Грубость и жестокость Джона Рида, надменное равнодушие его сестер,
неприязнь их матери, несправедливость слуг - все это встало в моем
расстроенном воображении, точно поднявшийся со дна колодца мутный осадок. Но
почему я должна вечно страдать, почему меня все презирают, не любят, клянут?
Почему я не умею никому угодить и все мои попытки заслужить чью-либо
благосклонность так напрасны? Почему, например, к Элизе, которая упряма и
эгоистична, или к Джорджиане, у которой отвратительный характер, капризный,
раздражительный и заносчивый, все относятся снисходительно? Красота и
розовые щеки Джорджианы, ее золотые кудри, видимо, пленяют каждого, кто
смотрит на нее, и за них ей прощают любую шалость.

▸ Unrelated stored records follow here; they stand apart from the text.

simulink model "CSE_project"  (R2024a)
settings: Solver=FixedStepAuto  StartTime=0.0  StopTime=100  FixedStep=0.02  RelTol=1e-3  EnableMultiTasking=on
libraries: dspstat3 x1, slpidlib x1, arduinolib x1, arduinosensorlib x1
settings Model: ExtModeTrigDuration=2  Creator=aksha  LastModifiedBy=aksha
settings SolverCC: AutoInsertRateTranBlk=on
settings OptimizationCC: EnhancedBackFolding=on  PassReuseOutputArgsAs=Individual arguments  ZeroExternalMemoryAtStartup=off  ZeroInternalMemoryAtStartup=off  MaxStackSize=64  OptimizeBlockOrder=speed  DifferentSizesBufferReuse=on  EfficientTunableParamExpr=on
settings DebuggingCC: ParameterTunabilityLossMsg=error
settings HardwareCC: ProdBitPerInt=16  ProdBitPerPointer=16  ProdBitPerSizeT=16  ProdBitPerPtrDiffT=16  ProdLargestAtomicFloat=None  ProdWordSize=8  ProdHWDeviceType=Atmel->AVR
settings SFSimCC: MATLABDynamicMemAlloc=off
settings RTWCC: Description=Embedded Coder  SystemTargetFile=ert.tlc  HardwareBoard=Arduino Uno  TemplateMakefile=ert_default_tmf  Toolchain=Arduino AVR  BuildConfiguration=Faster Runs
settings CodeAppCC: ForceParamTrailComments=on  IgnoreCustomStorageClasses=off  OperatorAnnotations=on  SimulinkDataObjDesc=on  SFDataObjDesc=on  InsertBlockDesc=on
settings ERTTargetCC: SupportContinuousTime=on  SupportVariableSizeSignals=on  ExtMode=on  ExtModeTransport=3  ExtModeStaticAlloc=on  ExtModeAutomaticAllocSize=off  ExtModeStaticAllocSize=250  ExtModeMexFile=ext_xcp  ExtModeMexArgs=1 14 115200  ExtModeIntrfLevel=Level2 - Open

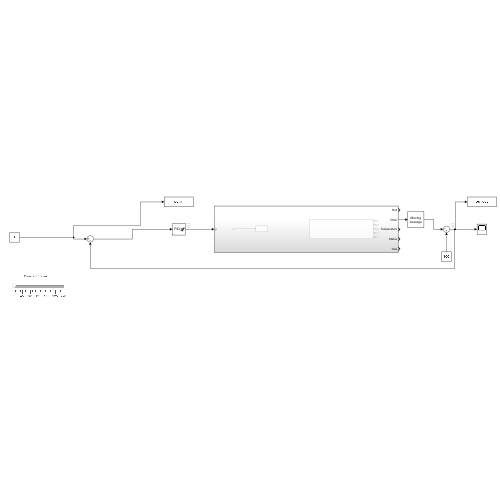
[thumbnail: Simulink's stored preview of the top-level diagram]
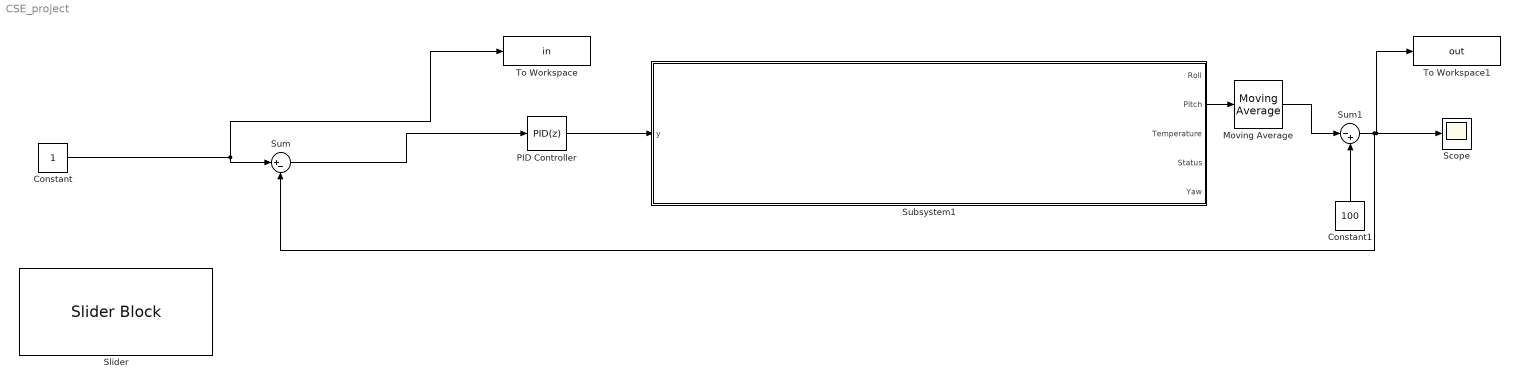
== system CSE_project ==
  Constant : Constant
  Constant1 : Constant  Value=100
  Moving Average : dspstat3/Moving Average  Method=Sliding window  ForgettingFactorPort=off  SpecifyWindowLength=on  WindowLength=4  OverlapLength=3  AllowArbitraryInputLength=off  ForgettingFactor=0.9  SimulateUsing=Interpreted execution
  PID Controller : slpidlib/PID Controller  Controller=PID  Form=Ideal  TimeDomain=Discrete-time  UseExternalTs=off  SampleTime=-1  IntegratorMethod=Forward Euler  FilterMethod=Forward Euler  ControllerParametersSource=internal  P=500  I=300  UseKiTs=off  D=0.01  UseExternalDerivativeSource=off  N=100  UseFilter=on  TunerSelectOption=Transfer Function Based (PID Tuner App)  InitialConditionSource=internal  InitialConditionForIntegrator=95  InitialConditionForFilter=95  DifferentiatorICPrevScaledInput=0  ExternalReset=none  TrackingMode=off  Kt=1  LimitOutput=on  SatLimitsSource=internal  UpperSaturationLimit=118  LowerSaturationLimit=95  LinearizeAsGain=on  AntiWindupMode=clamping  Kb=1  LimitIntegrator=off  UpperIntegratorSaturationLimit=inf  LowerIntegratorSaturationLimit=-inf  POutMin=[]  POutMax=[]  IOutMin=[]  IOutMax=[]  DOutMin=[]  DOutMax=[]  NOutMin=[]  NOutMax=[]  SumOutMin=[]  SumOutMax=[]  SaturationOutMin=[]  SaturationOutMax=[]  PParamMin=[]  PParamMax=[]  IParamMin=[]  IParamMax=[]  DParamMin=[]  DParamMax=[]  NParamMin=[]  NParamMax=[]  KbParamMin=[]  KbParamMax=[]  KtParamMin=[]  KtParamMax=[]  KbOutMin=[]  KbOutMax=[]  KtOutMin=[]  KtOutMax=[]  IntegratorOutMin=[]  IntegratorOutMax=[]  FilterOutMin=[]  FilterOutMax=[]  SumI1OutMin=[]  SumI1OutMax=[]  SumI2OutMin=[]  SumI2OutMax=[]  SumI3OutMin=[]  SumI3OutMax=[]  SumI4OutMin=[]  SumI4OutMax=[]  SumDOutMin=[]  SumDOutMax=[]  DifferentiatorOutMin=[]  DifferentiatorOutMax=[]  FilterDiffOutCoefMin=[]  FilterDiffOutCoefMax=[]  ReciprocalOutMin=[]  ReciprocalOutMax=[]  SumDenOutMin=[]  SumDenOutMax=[]  SumNumOutMin=[]  SumNumOutMax=[]  DivideOutMin=[]  DivideOutMax=[]  UdiffTsProdOutMin=[]  UdiffTsProdOutMax=[]  NTsProdOutMin=[]  NTsProdOutMax=[]  UintegralTsProdOutMin=[]  UintegralTsProdOutMax=[]  UngainTsProdOutMin=[]  UngainTsProdOutMax=[]  ClampingZeroOutDataTypeStr=Inherit: Inherit via back propagation  ClampingZeroOutMin=[]  ClampingZeroOutMax=[]  FilterDenConstantOutDataTypeStr=Inherit: Inherit via back propagation  FilterDenConstantOutMin=[]  FilterDenConstantOutMax=[]  PCopyOutDataTypeStr=Inherit: Inherit via back propagation  PCopyOutMin=[]  PCopyOutMax=[]  NCopyOutDataTypeStr=Inherit: Inherit via back propagation  NCopyOutMin=[]  NCopyOutMax=[]  IntegratorContinuousStateAttributes=''  IntegratorStateMustResolveToSignalObject=off  IntegratorRTWStateStorageClass=Auto  FilterContinuousStateAttributes=''  FilterStateMustResolveToSignalObject=off  FilterRTWStateStorageClass=Auto  ParallelPVariant=Passthrough  IdealPVariant=InternalParameters  IVariant=InternalParameters  DVariant=InternalParameters  IntegratorVariant=Discrete  SatVariant=Enabled  AWVariant=DiscClampingIdeal  PCopyVariant=InternalParamsIdeal  TRVariant=Disabled  FdbkBlocksVariant=Forward  IdealPFdbkVariant=Disabled  SatFdbkVariant=Disabled  DerivativeFilterVariant=ForwardEulerFilter  NVariant=InternalParameters  NCopyVariant=Disabled  FilterICVariant=InternalICsFilter  IntegratorICVariant=InternalICs  ExternalResetVariant=Disabled  TRSumVariant=Passthrough  SumFdbkVariant=Disabled  SumVariant=Sum_PID  TsampFilterVariant=InternalTs  TsampNgainVariant=Passthrough  TsampIntegralVariant=Disabled_SignalSpec  ExternalSaturationOutDataTypeStr=Inherit: Same as second input  DerivativeSourceVariant=ErrorSignal
  Scope : Scope
  Slider : SliderBlock  ScaleMax=270
  Subsystem1 : Subsystem
  Sum : Sum  Inputs=|+-
  Sum1 : Sum  Inputs=|-+
  To Workspace : ToWorkspace  VariableName=in  SaveFormat=Timeseries  SampleTime=-1
  To Workspace1 : ToWorkspace  VariableName=out  SaveFormat=Timeseries  SampleTime=-1
  wires:
  Sum/1 -> PID Controller/1
  Subsystem1/2(Pitch) -> Moving Average/1
  Constant1/1 -> Sum1/2
  Sum1/1 -> Scope/1, To Workspace1/1, Sum/2
  Moving Average/1 -> Sum1/1
  PID Controller/1 -> Subsystem1/1(y)
  Constant/1 -> Sum/1, To Workspace/1

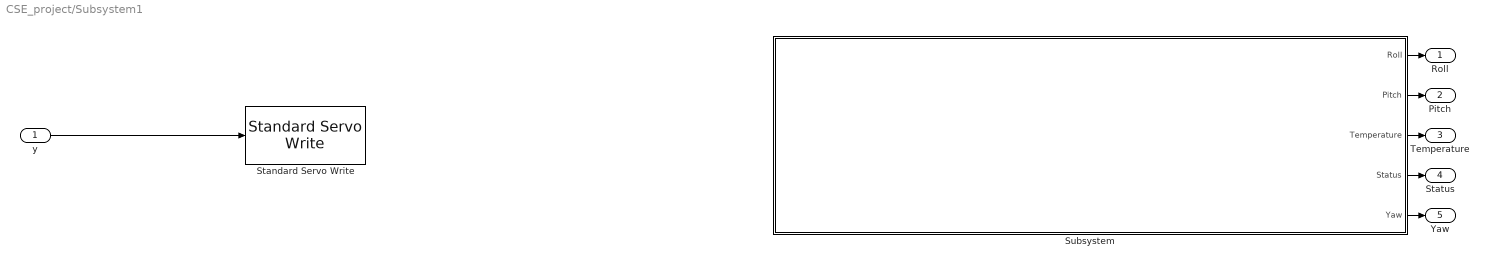
== system CSE_project/Subsystem1 ==
  y : Inport
  Standard Servo Write : arduinolib/Standard Servo Write  pinNumber=9  ServoIndex=0  blockPlatform=ARDUINO
      settings: SourceProductName=Common
  Subsystem : Subsystem
  Roll : Outport
  Pitch : Outport  Port=2
  Temperature : Outport  Port=3
  Status : Outport  Port=4
  Yaw : Outport  Port=5
  wires:
  Subsystem/2(Pitch) -> Pitch/1
  Subsystem/1(Roll) -> Roll/1
  Subsystem/3(Temperature) -> Temperature/1
  y/1 -> Standard Servo Write/1
  Subsystem/4(Status) -> Status/1
  Subsystem/5(Yaw) -> Yaw/1

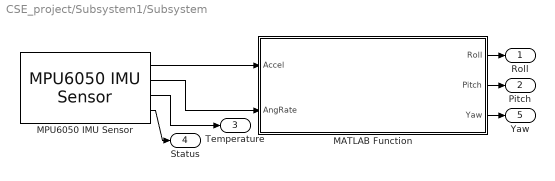
== system CSE_project/Subsystem1/Subsystem ==
  MATLAB Function : MATLAB Function  TreatAsAtomicUnit=on
  MPU6050 IMU Sensor : arduinosensorlib/MPU6050 IMU Sensor  I2CModule=0  SlaveAddress=0x68  Accel=on  AngularRate=on  Temperature=on  Status=on  Timestamp=off  EulerAngles=off  Quat=off  AccelRange=2G  GyroRange=250 dps  DmpOdr=200 Hz  Dlpf=Accelerometer: 94Hz, Gyroscope: 98Hz  spf=1  SampleTime=-1  QueueSizeFactor=1
      settings: SourceProductName=Sensors
  Roll : Outport
  Pitch : Outport  Port=2
  Temperature : Outport  Port=3
  Status : Outport  Port=4
  Yaw : Outport  Port=5
  wires:
  MPU6050 IMU Sensor/3 -> Temperature/1
  MATLAB Function/1(Roll) -> Roll/1
  MPU6050 IMU Sensor/1 -> MATLAB Function/1(Accel)
  MPU6050 IMU Sensor/2 -> MATLAB Function/2(AngRate)
  MPU6050 IMU Sensor/4 -> Status/1
  MATLAB Function/2(Pitch) -> Pitch/1
  MATLAB Function/3(Yaw) -> Yaw/1

== matlab function CSE_project/Subsystem1/Subsystem/MATLAB Function ==
  data: Accel input; Roll output; AngRate input; Pitch output; Yaw output

function [Roll, Pitch, Yaw] = attitude(Accel, AngRate)

% Lightweight scalar Kalman filter
% Sampling frequency = 50 Hz

persistent roll pitch yaw
persistent Pr Pp

Ts = single(0.02);

Q = single(0.001);
R = single(0.03);

if isempty(roll)

    ax = single(Accel(1));
    ay = single(Accel(2));
    az = single(Accel(3));

    roll = atan2(ay,az);

    pitch = atan2(-ax,sqrt(ay*ay + az*az));

    yaw = single(0);

    Pr = single(1);
    Pp = single(1);

end

% Accelerometer measurements
ax = single(Accel(1));
ay = single(Accel(2));
az = single(Accel(3));

accRoll = atan2(ay,az);

accPitch = atan2(-ax,sqrt(ay*ay + az*az));

% Gyroscope measurements
gx = single(AngRate(1))*single(0.017453293);
gy = single(AngRate(2))*single(0.017453293);
gz = single(AngRate(3))*single(0.017453293);

% ROLL FILTER
rollPred = roll + gx*Ts;

Pr = Pr + Q;

Kr = Pr/(Pr+R);

roll = rollPred + Kr*(accRoll-rollPred);

Pr = (single(1)-Kr)*Pr;

% PITCH FILTER
pitchPred = pitch + gy*Ts;

Pp = Pp + Q;

Kp = Pp/(Pp+R);

pitch = pitchPred + Kp*(accPitch-pitchPred);

Pp = (single(1)-Kp)*Pp;

% YAW
yaw = yaw + gz*Ts;

% Output in degrees
Roll = roll*single(57.29578);
Pitch = pitch*single(57.29578);
Yaw = yaw*single(57.29578);

end
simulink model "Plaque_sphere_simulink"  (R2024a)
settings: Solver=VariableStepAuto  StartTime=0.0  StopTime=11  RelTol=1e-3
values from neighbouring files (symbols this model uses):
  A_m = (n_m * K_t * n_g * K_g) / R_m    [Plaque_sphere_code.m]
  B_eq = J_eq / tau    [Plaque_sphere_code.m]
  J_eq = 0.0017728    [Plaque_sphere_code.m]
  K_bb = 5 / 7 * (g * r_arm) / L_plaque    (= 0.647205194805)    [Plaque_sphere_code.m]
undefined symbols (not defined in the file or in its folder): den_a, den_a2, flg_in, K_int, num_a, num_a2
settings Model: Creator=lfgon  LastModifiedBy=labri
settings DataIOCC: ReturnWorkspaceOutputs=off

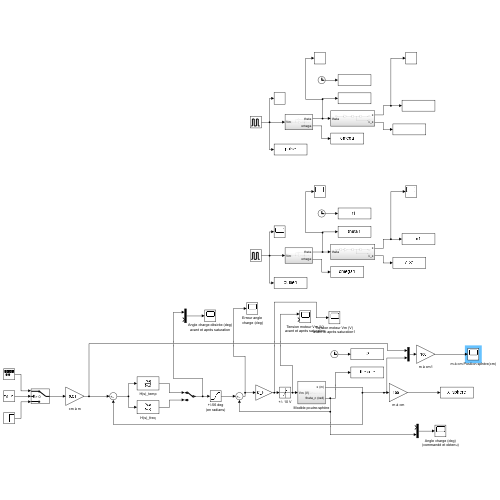
[thumbnail: Simulink's stored preview of the top-level diagram]
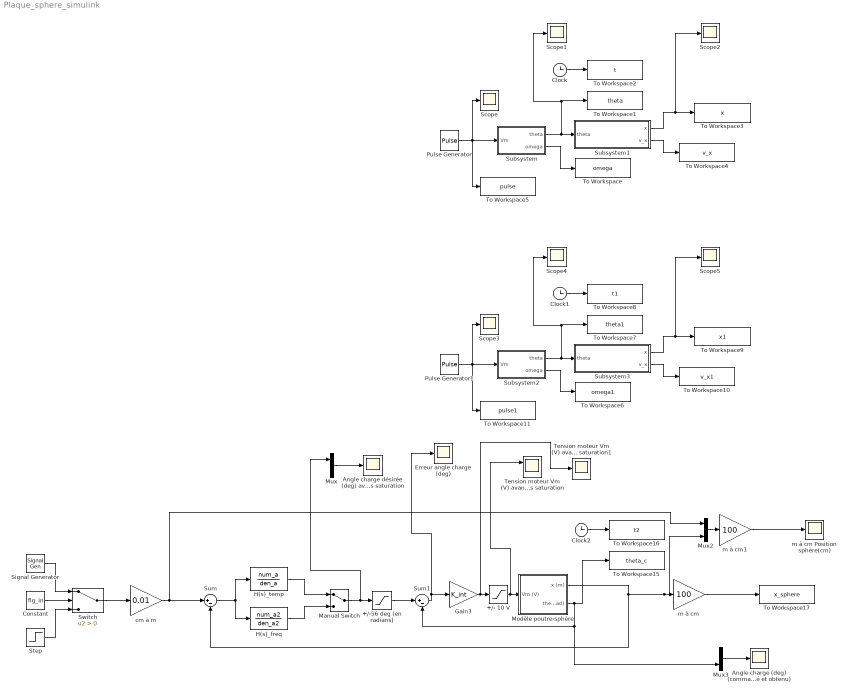
== system Plaque_sphere_simulink ==
  +/- 10 V : Saturate  UpperLimit=10  LowerLimit=-10
  +/-56 deg (en radians) : Saturate  UpperLimit=0.9774  LowerLimit=-0.9774
  Angle charge (deg) (commandé et obtenu) : Scope
  Angle charge désirée (deg) avant et après saturation : Scope
  Clock : Clock
  Clock1 : Clock
  Clock2 : Clock
  Constant : Constant  Value=flg_in
  Erreur angle charge (deg) : Scope
  Gain3 : Gain  Gain=K_int
  H(s)_freq : TransferFcn  Numerator=num_a2  Denominator=den_a2
  H(s)_temp : TransferFcn  Numerator=num_a  Denominator=den_a
  Manual Switch : ManualSwitch
  Modèle poutre-sphère : Subsystem
  Mux : Mux  Inputs=2
  Mux2 : Mux  Inputs=2
  Mux3 : Mux  Inputs=2
  Pulse Generator : DiscretePulseGenerator  PulseType=Time based  Period=6  PulseWidth=50  PhaseDelay=1
  Pulse Generator1 : DiscretePulseGenerator  PulseType=Time based  Period=4  PulseWidth=76  PhaseDelay=1
  Scope{,1..5} (6 alike) : Scope
  Signal Generator : SignalGenerator  WaveForm=square  Units=rad/sec
  Step : Step  After=5  SampleTime=0
  Subsystem : Subsystem
  Subsystem1 : Subsystem
  Subsystem2 : Subsystem
  Subsystem3 : Subsystem
  Sum : Sum  Inputs=|+-
  Sum1 : Sum  Inputs=|+-
  Switch : Switch  Criteria=u2 > Threshold  SaturateOnIntegerOverflow=off  InputSameDT=off
  Tension moteur Vm (V) avant et après saturation : Scope  NumInputPorts=2
  Tension moteur Vm (V) avant et après saturation1 : Scope
  To Workspace : ToWorkspace  VariableName=omega  SampleTime=-1
  To Workspace1 : ToWorkspace  VariableName=theta  SampleTime=-1
  To Workspace10 : ToWorkspace  VariableName=v_x1  SampleTime=-1
  To Workspace11 : ToWorkspace  VariableName=pulse1  SampleTime=-1
  To Workspace15 : ToWorkspace  VariableName=theta_c  SampleTime=-1
  To Workspace16 : ToWorkspace  VariableName=t2  SampleTime=-1
  To Workspace17 : ToWorkspace  VariableName=x_sphere  SampleTime=-1
  To Workspace2 : ToWorkspace  VariableName=t  SampleTime=-1
  To Workspace3 : ToWorkspace  VariableName=x  SampleTime=-1
  To Workspace4 : ToWorkspace  VariableName=v_x  SampleTime=-1
  To Workspace5 : ToWorkspace  VariableName=pulse  SampleTime=-1
  To Workspace6 : ToWorkspace  VariableName=omega1  SampleTime=-1
  To Workspace7 : ToWorkspace  VariableName=theta1  SampleTime=-1
  To Workspace8 : ToWorkspace  VariableName=t1  SampleTime=-1
  To Workspace9 : ToWorkspace  VariableName=x1  SampleTime=-1
  cm à m : Gain  Gain=0.01
  m à cm : Gain  Gain=100
  m à cm Position sphère(cm) : Scope
  m à cm1 : Gain  Gain=100
  wires:
  Clock/1 -> To Workspace2/1
  Subsystem/2(omega) -> To Workspace/1
  Subsystem/1(theta) -> Scope1/1, To Workspace1/1, Subsystem1/1(theta)
  Subsystem1/1(x) -> Scope2/1, To Workspace3/1
  Subsystem1/2(v_x) -> To Workspace4/1
  Pulse Generator/1 -> To Workspace5/1, Scope/1, Subsystem/1(Vm)
  Subsystem2/1(theta) -> Scope4/1, To Workspace7/1, Subsystem3/1(theta)
  Subsystem3/2(v_x) -> To Workspace10/1
  Pulse Generator1/1 -> To Workspace11/1, Scope3/1, Subsystem2/1(Vm)
  Subsystem3/1(x) -> Scope5/1, To Workspace9/1
  Clock1/1 -> To Workspace8/1
  Subsystem2/2(omega) -> To Workspace6/1
  Clock2/1 -> To Workspace16/1
  Sum/1 -> H(s)_freq/1, H(s)_temp/1
  Modèle poutre-sphère/2(theta_c (rad)) -> Mux3/2, Sum1/2, To Workspace15/1
  Sum1/1 -> Gain3/1, Erreur angle charge (deg)/1
  Signal Generator/1 -> Switch/1
  Constant/1 -> Switch/2
  cm à m/1 -> Mux2/1, Sum/1
  m à cm/1 -> To Workspace17/1
  Mux/1 -> Angle charge désirée (deg) avant et après saturation/1
  Step/1 -> Switch/3
  Switch/1 -> cm à m/1
  Modèle poutre-sphère/1(x (m)) -> Mux2/2, m à cm/1, Sum/2
  H(s)_temp/1 -> Manual Switch/1
  H(s)_freq/1 -> Manual Switch/2
  Gain3/1 -> Tension moteur Vm (V) avant et après saturation1/1, +/- 10 V/1
  m à cm1/1 -> m à cm Position sphère(cm)/1
  Mux2/1 -> m à cm1/1
  Mux3/1 -> Angle charge (deg) (commandé et obtenu)/1
  +/- 10 V/1 -> Tension moteur Vm (V) avant et après saturation/1, Modèle poutre-sphère/1(Vm (V))
  Manual Switch/1 -> Mux/1, +/-56 deg (en radians)/1
  +/-56 deg (en radians)/1 -> Sum1/1

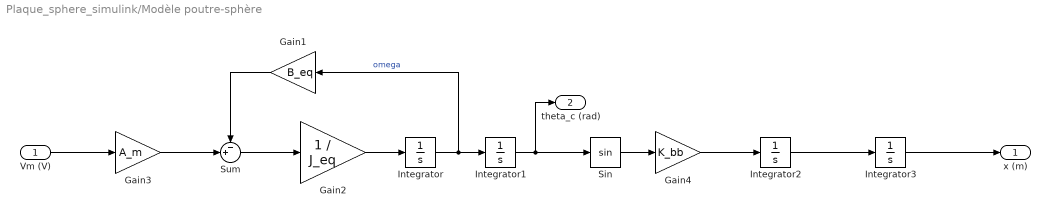
== system Plaque_sphere_simulink/Modèle poutre-sphère ==
  Vm (V) : Inport
  Gain1 : Gain  Gain=B_eq
  Gain2 : Gain  Gain=1 / J_eq
  Gain3 : Gain  Gain=A_m
  Gain4 : Gain  Gain=K_bb
  Integrator{,1..3} (4 alike) : Integrator
  Sin : Trigonometry
  Sum : Sum  Inputs=-+|
  x (m) : Outport
  theta_c (rad) : Outport  Port=2
  wires:
  Sum/1 -> Gain2/1
  Vm (V)/1 -> Gain3/1
  Integrator/1 -> Gain1/1, Integrator1/1  "omega"
  Gain1/1 -> Sum/1
  Gain3/1 -> Sum/2
  Gain2/1 -> Integrator/1
  Integrator3/1 -> x (m)/1
  Integrator2/1 -> Integrator3/1
  Sin/1 -> Gain4/1
  Gain4/1 -> Integrator2/1
  Integrator1/1 -> Sin/1, theta_c (rad)/1

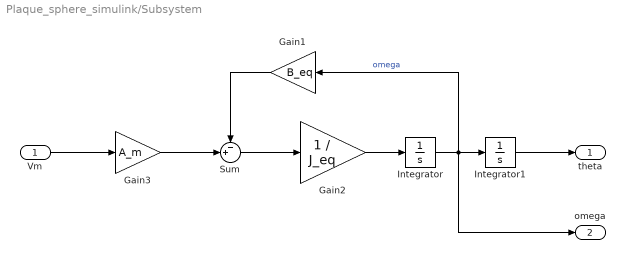
== system Plaque_sphere_simulink/Subsystem ==
  Vm : Inport
  Gain1 : Gain  Gain=B_eq
  Gain2 : Gain  Gain=1 / J_eq
  Gain3 : Gain  Gain=A_m
  Integrator : Integrator
  Integrator1 : Integrator
  Sum : Sum  Inputs=-+|
  theta : Outport
  omega : Outport  Port=2
  wires:
  Sum/1 -> Gain2/1
  Vm/1 -> Gain3/1
  Integrator/1 -> omega/1, Gain1/1, Integrator1/1  "omega"
  Gain1/1 -> Sum/1
  Gain3/1 -> Sum/2
  Gain2/1 -> Integrator/1
  Integrator1/1 -> theta/1

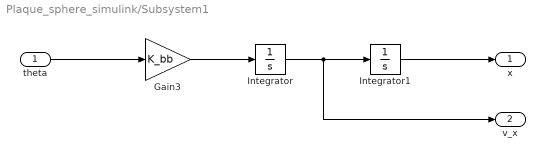
== system Plaque_sphere_simulink/Subsystem1 ==
  theta : Inport
  Gain3 : Gain  Gain=K_bb
  Integrator : Integrator
  Integrator1 : Integrator
  x : Outport
  v_x : Outport  Port=2
  wires:
  Integrator/1 -> v_x/1, Integrator1/1
  Gain3/1 -> Integrator/1
  Integrator1/1 -> x/1
  theta/1 -> Gain3/1

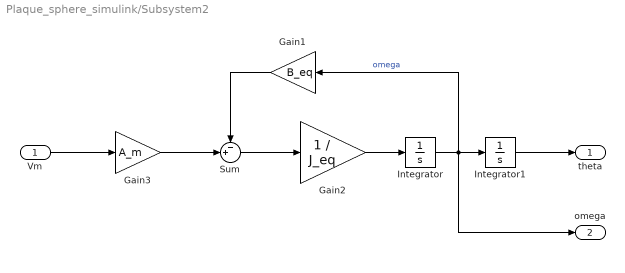
== system Plaque_sphere_simulink/Subsystem2 ==
  Vm : Inport
  Gain1 : Gain  Gain=B_eq
  Gain2 : Gain  Gain=1 / J_eq
  Gain3 : Gain  Gain=A_m
  Integrator : Integrator
  Integrator1 : Integrator
  Sum : Sum  Inputs=-+|
  theta : Outport
  omega : Outport  Port=2
  wires:
  Sum/1 -> Gain2/1
  Vm/1 -> Gain3/1
  Integrator/1 -> omega/1, Gain1/1, Integrator1/1  "omega"
  Gain1/1 -> Sum/1
  Gain3/1 -> Sum/2
  Gain2/1 -> Integrator/1
  Integrator1/1 -> theta/1

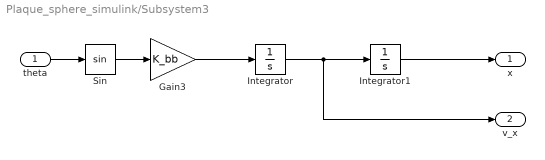
== system Plaque_sphere_simulink/Subsystem3 ==
  theta : Inport
  Gain3 : Gain  Gain=K_bb
  Integrator : Integrator
  Integrator1 : Integrator
  Sin : Trigonometry
  x : Outport
  v_x : Outport  Port=2
  wires:
  Integrator/1 -> v_x/1, Integrator1/1
  Gain3/1 -> Integrator/1
  Integrator1/1 -> x/1
  theta/1 -> Sin/1
  Sin/1 -> Gain3/1

Джону также никто не
противоречит, его никогда не наказывают, хотя он душит голубей, убивает
цыплят, травит овец собаками, крадет в оранжереях незрелый виноград и
срывает бутоны самых редких цветов; он даже называет свою мать «старушкой»,
смеется над ее цветом лица - желтоватым, как у него, не подчиняется ее
приказаниям и нередко рвет и пачкает ее шелковые платья. И все-таки он ее
«ненаглядный сыночек». Мне же не прощают ни малейшего промаха. Я стараюсь ни
на -шаг не отступать от своих обязанностей, а меня называют непослушной,
упрямой и лгуньей, и так с утра и до ночи.
Голова у меня все еще болела от ушиба, из ранки сочилась кровь. Однако
никто не упрекнул Джона за то, что он без причины ударил меня; а я,
восставшая против него, чтобы избежать дальнейшего грубого насилия, - я
вызвала всеобщее негодование.
«Ведь это же несправедливо, несправедливо!» - твердил мне мой разум с
той недетской ясностью, которая рождается пережитыми испытаниями, а
проснувшаяся энергия заставляла меня искать какого-нибудь способа избавиться
от этого нестерпимого гнета: например, убежать из дома или, если бы это
оказалось невозможным, никогда больше не пить и не есть, уморить себя
голодом.
Как была ожесточена моя душа в этот тоскливый вечер! Как были
взбудоражены мои мысли, как бунтовало сердце! И все же в каком мраке, в
каком неведении протекала эта внутренняя борьба! Ведь я не могла ответить на
вопрос, возникавший вновь и вновь в моей душе: отчего я так страдаю? Теперь,
когда прошло столько лет, это перестало быть для меня загадкой.
Я совершенно не подходила к Гейтсхэдхоллу. Я была там как бельмо на
глазу, у меня не было ничего общего ни с миссис Рид, ни с ее детьми, ни с ее
приближенными. Если они не любили меня, то ведь и я не любила их. С какой же
стати они должны были относиться тепло к существу, которое не чувствовало
симпатии ни к кому из них; к существу, так сказать, инородному для них,
противоположному им по натуре и стремлениям; существу во всех смыслах
бесполезному, от которого им нечего было ждать; существу зловредному,
носившему в себе зачатки мятежа, восставшему против их обращения с ним,
презиравшему их взгляды? Будь я натурой жизнерадостной, беспечным,
своевольным, красивым и пылким ребенком - пусть даже одиноким и зависимым, -
миссис Рид отнеслась бы к моему присутствию в своей семье гораздо
снисходительнее; ее дети испытывали бы ко мне более товарищеские дружелюбные
чувства; слуги не стремились бы вечно делать из меня козла отпущения.